There could be nothing better for a garden book addict like me than new gardening books. I probably wouldn't buy either of these because I am not a first time veg grower and I take a fairly relaxed attitude to pests and diseases, but that doesn't mean I don't set right down to reading them. They have sat by my bed for a week or so as I have worked my through what to think about before you start growing vegetables and how to cope with ants and codling moth. I have to admit that ants and codling moths haven't been too riveting but I now know all sorts of things that I didn't know before.

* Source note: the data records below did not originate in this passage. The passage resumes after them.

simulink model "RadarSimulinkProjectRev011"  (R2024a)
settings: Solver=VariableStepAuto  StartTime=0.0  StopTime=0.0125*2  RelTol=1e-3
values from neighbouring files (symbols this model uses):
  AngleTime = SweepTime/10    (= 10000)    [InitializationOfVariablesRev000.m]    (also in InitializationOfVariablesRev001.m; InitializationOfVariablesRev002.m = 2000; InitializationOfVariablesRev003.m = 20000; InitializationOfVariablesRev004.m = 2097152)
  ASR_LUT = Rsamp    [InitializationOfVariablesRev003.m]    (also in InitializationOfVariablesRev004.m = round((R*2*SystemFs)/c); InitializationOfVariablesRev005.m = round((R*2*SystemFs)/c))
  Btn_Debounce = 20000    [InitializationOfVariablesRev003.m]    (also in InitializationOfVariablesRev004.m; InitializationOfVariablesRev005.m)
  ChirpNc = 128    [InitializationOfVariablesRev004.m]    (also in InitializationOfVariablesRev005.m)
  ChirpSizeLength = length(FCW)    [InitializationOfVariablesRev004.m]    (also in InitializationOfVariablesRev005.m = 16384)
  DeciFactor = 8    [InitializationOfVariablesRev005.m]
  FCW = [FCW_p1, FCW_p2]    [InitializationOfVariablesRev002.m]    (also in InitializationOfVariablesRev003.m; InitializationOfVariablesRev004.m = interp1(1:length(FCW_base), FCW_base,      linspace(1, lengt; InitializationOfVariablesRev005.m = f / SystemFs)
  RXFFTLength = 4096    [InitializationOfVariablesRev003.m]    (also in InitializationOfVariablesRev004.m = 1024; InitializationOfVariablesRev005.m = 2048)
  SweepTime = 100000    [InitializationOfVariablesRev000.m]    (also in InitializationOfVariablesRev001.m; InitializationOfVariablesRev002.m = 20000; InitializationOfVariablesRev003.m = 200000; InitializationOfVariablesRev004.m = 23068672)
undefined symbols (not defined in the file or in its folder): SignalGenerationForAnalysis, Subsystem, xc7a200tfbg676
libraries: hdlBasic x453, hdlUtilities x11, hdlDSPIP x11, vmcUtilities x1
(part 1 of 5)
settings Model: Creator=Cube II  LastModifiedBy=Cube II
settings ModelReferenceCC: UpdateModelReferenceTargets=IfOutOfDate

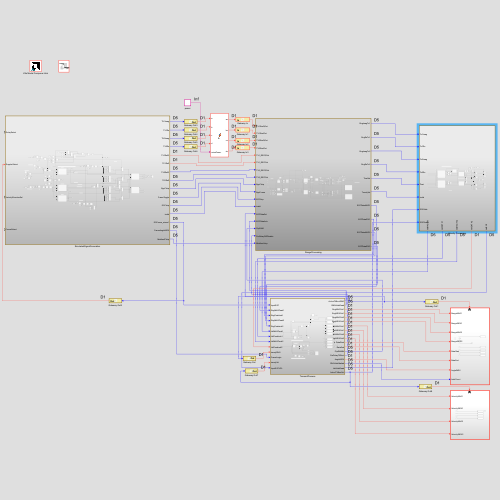
[thumbnail: Simulink's stored preview of the top-level diagram]
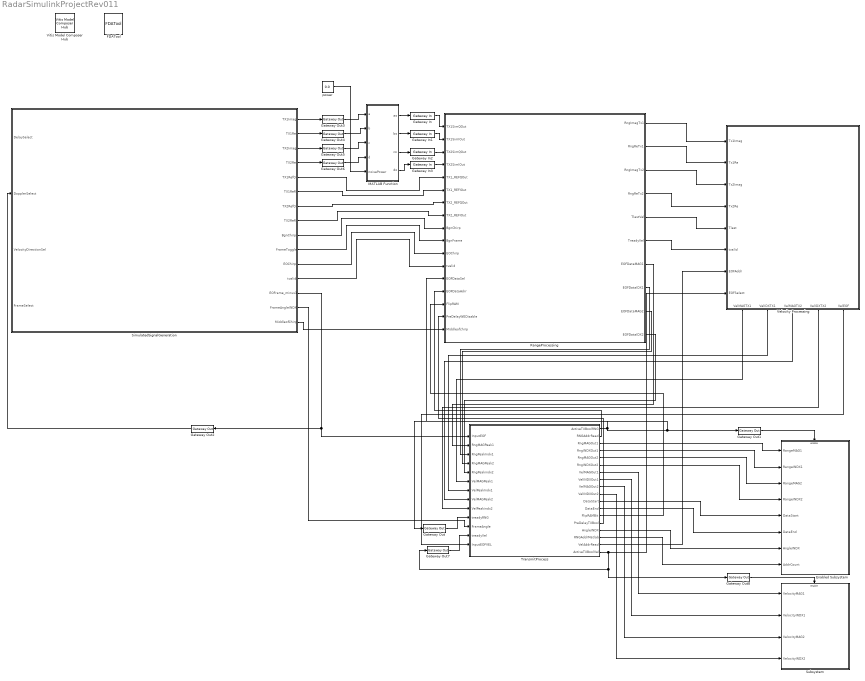
== system RadarSimulinkProjectRev011 ==
  Enabled Subsystem : Subsystem  TreatAsAtomicUnit=on
  FDATool : hdlUtilities/FDATool  block_type=fdatool
      settings: infoedit=FDATool
  Gateway In{,1..3} (4 alike) : hdlBasic/Gateway In  gui_display_data_type=Fixed-point  arith_type=Signed (2's comp)  n_bits=16  bin_pt=14  preci_type=Single  exp_width=8  frac_width=24  rows=1  columns=1  quantization="Round  (unbiased: +/- Inf)"  overflow=Saturate  period=P1  UseAsADC=off  ADCChannel='1'  interface=None  automatic_assignment=on  address_offset=hex2dec('00')  intf_name=''  intf_description=''  default_value=0  timing_constraint=None  locs_specified=off  LOCs={}  io_standard={}  inherit_from_input=off  hdl_port=on  XmcBlockStatus=1  maskContainerNames=group4  block_type=gatewayin  block_config=sysgen:gateway_in_config  block_width_w=590  block_height_w=620  block_width=640  block_height=850
  Gateway Out{,1..8} (9 alike) : hdlBasic/Gateway Out  inherit_from_input=off  bool_to_boolean=off  hdl_port=on  rows=1  columns=1  UseAsDAC=off  DACChannel='1'  interface=None  automatic_assignment=on  address_offset=hex2dec('00')  intf_name=''  intf_description=''  timing_constraint=None  locs_specified=off  LOCs={}  io_standard={}  XmcBlockStatus=1  maskContainerNames=group4  block_type=gatewayout  block_config=sysgen:gateway_out_config  block_width_w=590  block_height_w=620  block_width=620  block_height=750
  MATLAB Function : MATLAB Function  TreatAsAtomicUnit=on
  RangeProcessing : Subsystem
  SimulatedSignalGeneration : Subsystem  SystemSampleTime=1/200e6
  Subsystem : Subsystem
  TransmitProcess : Subsystem
  Velocity Processing : Subsystem
      settings: PortSchema="{\"entries\":[{\"content\":{\"sides\":[{\"content\":{\"connectorIds\":[\"In1\",\"In2\",\"In3\",\"In4\",\"In5\",\"In6\",\"In7\",\"In8\"]},\"type\":\"ConnectorPlacement.EquallySpacedRectSide\",\"uuid\":\"28660edc-4300-4d13-b5c7-cb230341ceef\"},{\"content\":{\"side\":\"RIGHT\"},\"type\":\"ConnectorPlacement.EquallySpacedRectSide\",\"uuid\":\"0aea0b64-dbd9-49d9-980c-6712e9fa4544\"},{\"content\":{\"side\":\"TOP\"},\"type\":\"ConnectorPlacement.EquallySpacedRectSide\",\"uuid\":\"4015706e-c6eb-4ca9-b4bb-31c510b09214\"},{\"content\":{\"connectorIds\":[\"Out1\",\"Out2\",\"Out3\",\"Out4\",\"Out5\"],\"side\":\"BOTTOM\"},\"type\":\"ConnectorPlacement.EquallySpacedRectSide\",\"uuid\":\"e3ca7ed1-345c-4783-9732-f7a0ff2c5995\"}]},\"type\":\"ConnectorPlacement.EquallySpacedConnector\",\"uuid\":\"ab051aed-e004-4640-a7d2-fe89028938d7\"}],\"packageUris\":[\"http://schema.mathworks.com/mf0/Connector/R2020b\"],\"version\":\"1.0\"}"
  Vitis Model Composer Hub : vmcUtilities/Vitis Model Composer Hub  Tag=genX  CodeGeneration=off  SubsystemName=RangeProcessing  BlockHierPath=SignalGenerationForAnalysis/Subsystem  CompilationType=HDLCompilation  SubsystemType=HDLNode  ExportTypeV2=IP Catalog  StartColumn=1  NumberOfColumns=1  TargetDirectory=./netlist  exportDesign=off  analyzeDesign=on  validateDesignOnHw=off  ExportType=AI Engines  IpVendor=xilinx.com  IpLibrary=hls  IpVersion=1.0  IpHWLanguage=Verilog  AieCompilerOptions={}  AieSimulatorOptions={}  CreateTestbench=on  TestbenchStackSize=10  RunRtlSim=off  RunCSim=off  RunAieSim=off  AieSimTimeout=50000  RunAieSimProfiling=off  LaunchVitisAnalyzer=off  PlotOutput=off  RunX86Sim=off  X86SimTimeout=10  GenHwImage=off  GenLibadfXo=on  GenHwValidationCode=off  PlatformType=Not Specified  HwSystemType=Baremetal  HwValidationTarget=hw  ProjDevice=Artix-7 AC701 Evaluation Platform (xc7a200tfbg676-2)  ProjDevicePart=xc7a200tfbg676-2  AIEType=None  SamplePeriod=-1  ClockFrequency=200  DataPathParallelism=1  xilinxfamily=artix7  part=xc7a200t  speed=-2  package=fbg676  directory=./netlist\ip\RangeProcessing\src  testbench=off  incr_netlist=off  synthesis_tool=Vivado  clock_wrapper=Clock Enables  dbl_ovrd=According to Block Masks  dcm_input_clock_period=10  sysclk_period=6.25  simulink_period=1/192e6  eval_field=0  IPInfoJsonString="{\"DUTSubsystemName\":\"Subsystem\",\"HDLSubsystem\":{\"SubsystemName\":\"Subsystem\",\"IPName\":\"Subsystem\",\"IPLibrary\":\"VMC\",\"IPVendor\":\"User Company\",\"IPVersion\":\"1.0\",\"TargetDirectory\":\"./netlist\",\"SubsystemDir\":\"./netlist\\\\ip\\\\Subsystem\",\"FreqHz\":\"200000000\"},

I suppose I thought a book on growing veg would feel very much like a reference book, something like The Vegetable Garden Displayed or the RHS book on growing vegetables, all rotation plans and sections on double digging. But this book is very much a narrative. It whizzes along, holding your hand through thinking about how much space and time you have, how to sow seeds and how to get to know your soil. It helps you choose your tools and consider whether you are going to go for pots, raised beds or go all the way and get yourself an allotment. The tone is calm and cheerful, encouraging without being gung ho. You just have the sense that the writer knows what he is talking about, isn't pushing his own agenda or hitting you around the head with his own passions, but is simply confident that you can do whatever you like just as soon as you have worked out what you want to do and how it will fit into your life. Somehow as you read that easy confidence rubs off on you. It all seems quite manageable. Some books blind the new grower with science, some give you so little practical information that you wouldn't know how to start. This one seems to me to get it spot on. It's like having an experienced and enthusiastic gardening friend who lets you pick his brains without making you feel stupid for asking.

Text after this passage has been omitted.